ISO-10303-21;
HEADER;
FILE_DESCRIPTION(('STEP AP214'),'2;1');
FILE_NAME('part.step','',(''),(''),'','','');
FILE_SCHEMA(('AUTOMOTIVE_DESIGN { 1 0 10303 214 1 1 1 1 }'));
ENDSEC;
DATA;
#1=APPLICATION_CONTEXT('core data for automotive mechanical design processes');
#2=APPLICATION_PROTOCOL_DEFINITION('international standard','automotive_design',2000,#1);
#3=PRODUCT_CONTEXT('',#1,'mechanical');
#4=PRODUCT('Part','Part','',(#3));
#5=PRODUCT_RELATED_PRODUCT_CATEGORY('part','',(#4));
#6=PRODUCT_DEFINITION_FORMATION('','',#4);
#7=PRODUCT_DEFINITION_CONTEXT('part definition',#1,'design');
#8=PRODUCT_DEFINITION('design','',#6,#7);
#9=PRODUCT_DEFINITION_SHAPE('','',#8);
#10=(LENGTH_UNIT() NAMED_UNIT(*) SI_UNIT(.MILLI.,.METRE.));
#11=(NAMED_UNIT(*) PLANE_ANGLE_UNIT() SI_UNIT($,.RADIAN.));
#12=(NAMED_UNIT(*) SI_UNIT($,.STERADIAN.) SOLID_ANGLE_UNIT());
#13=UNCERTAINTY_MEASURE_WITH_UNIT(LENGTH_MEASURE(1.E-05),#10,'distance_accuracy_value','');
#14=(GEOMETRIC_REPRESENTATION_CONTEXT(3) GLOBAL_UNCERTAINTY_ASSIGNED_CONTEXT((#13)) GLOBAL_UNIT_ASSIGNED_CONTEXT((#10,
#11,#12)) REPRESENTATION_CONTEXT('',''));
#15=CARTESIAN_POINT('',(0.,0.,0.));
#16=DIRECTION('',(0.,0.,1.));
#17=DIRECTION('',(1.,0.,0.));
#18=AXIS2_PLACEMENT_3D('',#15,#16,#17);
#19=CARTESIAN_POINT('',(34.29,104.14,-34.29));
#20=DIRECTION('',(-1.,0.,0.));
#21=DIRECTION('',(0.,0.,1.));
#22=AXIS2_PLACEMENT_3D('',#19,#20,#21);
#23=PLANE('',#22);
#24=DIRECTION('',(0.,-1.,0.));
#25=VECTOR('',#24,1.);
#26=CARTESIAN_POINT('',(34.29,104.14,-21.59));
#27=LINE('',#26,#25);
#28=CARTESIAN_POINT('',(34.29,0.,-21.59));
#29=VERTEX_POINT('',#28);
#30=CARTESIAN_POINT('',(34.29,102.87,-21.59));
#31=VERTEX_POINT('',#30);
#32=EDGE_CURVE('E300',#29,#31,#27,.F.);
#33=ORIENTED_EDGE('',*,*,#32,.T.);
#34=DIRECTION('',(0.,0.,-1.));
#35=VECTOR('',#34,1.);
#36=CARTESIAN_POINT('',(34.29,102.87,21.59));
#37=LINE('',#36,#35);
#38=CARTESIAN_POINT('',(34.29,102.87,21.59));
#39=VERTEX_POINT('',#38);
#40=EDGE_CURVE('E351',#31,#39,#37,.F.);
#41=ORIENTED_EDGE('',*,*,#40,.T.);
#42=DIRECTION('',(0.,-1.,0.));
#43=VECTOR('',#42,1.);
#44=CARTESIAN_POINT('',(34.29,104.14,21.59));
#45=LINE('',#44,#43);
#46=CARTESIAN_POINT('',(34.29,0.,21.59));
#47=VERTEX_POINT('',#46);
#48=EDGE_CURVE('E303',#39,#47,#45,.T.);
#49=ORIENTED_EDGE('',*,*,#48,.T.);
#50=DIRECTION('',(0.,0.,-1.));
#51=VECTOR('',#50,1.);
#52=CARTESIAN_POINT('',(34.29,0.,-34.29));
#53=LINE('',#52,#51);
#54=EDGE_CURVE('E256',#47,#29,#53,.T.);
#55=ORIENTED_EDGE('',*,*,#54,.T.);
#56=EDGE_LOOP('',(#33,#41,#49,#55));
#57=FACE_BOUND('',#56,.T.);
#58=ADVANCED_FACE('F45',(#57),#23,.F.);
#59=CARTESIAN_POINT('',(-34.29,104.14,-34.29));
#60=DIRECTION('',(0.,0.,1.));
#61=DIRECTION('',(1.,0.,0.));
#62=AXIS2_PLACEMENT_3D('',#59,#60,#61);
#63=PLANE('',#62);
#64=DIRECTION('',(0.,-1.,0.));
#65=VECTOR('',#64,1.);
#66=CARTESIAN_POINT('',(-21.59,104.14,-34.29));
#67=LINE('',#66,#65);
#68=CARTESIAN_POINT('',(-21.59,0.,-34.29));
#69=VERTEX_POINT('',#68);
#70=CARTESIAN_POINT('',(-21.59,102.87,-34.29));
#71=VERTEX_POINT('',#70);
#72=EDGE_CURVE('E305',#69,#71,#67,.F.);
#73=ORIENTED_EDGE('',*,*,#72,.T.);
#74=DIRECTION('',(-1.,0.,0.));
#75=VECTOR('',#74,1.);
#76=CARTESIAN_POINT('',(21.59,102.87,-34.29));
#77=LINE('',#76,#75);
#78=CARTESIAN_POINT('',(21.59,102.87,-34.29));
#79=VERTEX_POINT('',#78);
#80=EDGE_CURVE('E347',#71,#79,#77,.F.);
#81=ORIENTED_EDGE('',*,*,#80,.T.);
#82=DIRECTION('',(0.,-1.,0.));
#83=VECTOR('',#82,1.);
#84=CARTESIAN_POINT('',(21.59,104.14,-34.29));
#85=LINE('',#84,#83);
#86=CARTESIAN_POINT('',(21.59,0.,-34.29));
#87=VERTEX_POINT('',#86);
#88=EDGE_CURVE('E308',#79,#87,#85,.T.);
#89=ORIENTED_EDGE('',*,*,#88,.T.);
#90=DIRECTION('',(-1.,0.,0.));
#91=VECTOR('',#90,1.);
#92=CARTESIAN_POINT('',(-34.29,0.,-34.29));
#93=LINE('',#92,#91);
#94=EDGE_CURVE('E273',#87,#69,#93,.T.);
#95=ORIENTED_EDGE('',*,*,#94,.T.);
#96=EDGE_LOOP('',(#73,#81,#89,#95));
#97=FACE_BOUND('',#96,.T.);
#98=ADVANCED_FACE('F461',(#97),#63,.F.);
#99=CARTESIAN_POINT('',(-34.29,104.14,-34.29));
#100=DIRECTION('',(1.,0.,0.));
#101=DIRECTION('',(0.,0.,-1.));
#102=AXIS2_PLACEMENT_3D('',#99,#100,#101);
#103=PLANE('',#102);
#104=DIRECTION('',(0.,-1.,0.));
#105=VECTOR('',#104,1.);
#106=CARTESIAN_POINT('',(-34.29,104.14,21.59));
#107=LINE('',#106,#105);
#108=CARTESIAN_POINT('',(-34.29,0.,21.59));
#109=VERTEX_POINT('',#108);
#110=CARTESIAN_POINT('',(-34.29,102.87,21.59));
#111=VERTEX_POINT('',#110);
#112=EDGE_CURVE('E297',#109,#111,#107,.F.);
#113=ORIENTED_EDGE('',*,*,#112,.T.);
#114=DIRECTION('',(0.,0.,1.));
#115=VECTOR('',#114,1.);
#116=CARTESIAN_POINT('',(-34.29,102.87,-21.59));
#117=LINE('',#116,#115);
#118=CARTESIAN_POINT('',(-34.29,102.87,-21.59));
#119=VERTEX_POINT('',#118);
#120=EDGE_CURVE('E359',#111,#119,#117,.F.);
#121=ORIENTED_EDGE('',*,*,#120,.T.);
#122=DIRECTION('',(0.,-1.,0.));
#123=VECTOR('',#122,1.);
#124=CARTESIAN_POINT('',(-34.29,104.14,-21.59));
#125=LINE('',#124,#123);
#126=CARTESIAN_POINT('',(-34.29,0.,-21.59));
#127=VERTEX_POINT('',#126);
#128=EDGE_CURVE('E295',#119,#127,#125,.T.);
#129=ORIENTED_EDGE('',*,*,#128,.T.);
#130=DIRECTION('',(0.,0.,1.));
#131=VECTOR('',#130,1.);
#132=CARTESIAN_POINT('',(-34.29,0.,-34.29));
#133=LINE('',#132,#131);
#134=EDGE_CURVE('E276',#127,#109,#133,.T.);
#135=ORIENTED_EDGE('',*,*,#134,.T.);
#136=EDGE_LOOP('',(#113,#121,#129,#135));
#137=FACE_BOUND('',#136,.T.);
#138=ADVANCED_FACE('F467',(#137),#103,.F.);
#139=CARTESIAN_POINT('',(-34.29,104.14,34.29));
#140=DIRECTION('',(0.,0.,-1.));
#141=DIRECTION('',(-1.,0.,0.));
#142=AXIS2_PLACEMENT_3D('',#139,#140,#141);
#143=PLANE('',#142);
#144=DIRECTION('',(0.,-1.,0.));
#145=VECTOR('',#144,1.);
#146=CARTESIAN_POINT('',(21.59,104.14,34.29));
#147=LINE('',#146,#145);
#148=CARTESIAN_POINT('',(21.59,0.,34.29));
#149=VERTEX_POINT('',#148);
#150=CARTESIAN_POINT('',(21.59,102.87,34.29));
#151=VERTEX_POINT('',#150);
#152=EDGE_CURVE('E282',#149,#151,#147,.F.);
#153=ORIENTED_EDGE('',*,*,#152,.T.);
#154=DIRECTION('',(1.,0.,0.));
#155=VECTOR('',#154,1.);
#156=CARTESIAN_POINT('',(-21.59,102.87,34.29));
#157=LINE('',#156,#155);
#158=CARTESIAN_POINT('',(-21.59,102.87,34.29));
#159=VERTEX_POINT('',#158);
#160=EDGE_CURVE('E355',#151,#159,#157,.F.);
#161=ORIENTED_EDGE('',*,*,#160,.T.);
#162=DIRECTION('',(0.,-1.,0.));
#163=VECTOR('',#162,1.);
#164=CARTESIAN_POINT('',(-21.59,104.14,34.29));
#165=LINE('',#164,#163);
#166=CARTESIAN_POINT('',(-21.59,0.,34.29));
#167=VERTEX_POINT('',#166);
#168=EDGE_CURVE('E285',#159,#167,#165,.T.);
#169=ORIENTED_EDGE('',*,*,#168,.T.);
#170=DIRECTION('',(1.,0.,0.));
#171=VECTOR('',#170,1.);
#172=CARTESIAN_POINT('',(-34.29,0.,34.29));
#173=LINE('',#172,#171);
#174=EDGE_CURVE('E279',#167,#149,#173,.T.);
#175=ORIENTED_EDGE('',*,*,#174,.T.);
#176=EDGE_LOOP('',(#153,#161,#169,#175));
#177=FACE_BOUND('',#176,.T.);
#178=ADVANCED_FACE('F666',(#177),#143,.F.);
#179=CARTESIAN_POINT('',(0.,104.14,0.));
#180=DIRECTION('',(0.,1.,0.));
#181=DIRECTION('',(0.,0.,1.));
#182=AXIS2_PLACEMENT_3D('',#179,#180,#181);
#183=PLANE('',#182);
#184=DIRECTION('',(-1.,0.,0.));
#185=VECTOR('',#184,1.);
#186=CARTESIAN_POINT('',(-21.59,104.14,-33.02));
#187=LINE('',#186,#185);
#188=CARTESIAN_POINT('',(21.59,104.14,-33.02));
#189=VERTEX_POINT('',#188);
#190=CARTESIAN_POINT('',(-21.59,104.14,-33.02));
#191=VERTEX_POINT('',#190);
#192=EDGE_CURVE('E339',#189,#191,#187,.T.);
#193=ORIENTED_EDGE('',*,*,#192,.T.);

Exercise
Wherever the line holding "#134=EDGE_CURVE('E276',#127,#109,#133,.T.);" falls in the entries above, copy exactly from it through the line holding "#150=CARTESIAN_POINT('',(21.59,102.87,34.29));", inclusive, and add nothing.

Solution for this task
#134=EDGE_CURVE('E276',#127,#109,#133,.T.);
#135=ORIENTED_EDGE('',*,*,#134,.T.);
#136=EDGE_LOOP('',(#113,#121,#129,#135));
#137=FACE_BOUND('',#136,.T.);
#138=ADVANCED_FACE('F467',(#137),#103,.F.);
#139=CARTESIAN_POINT('',(-34.29,104.14,34.29));
#140=DIRECTION('',(0.,0.,-1.));
#141=DIRECTION('',(-1.,0.,0.));
#142=AXIS2_PLACEMENT_3D('',#139,#140,#141);
#143=PLANE('',#142);
#144=DIRECTION('',(0.,-1.,0.));
#145=VECTOR('',#144,1.);
#146=CARTESIAN_POINT('',(21.59,104.14,34.29));
#147=LINE('',#146,#145);
#148=CARTESIAN_POINT('',(21.59,0.,34.29));
#149=VERTEX_POINT('',#148);
#150=CARTESIAN_POINT('',(21.59,102.87,34.29));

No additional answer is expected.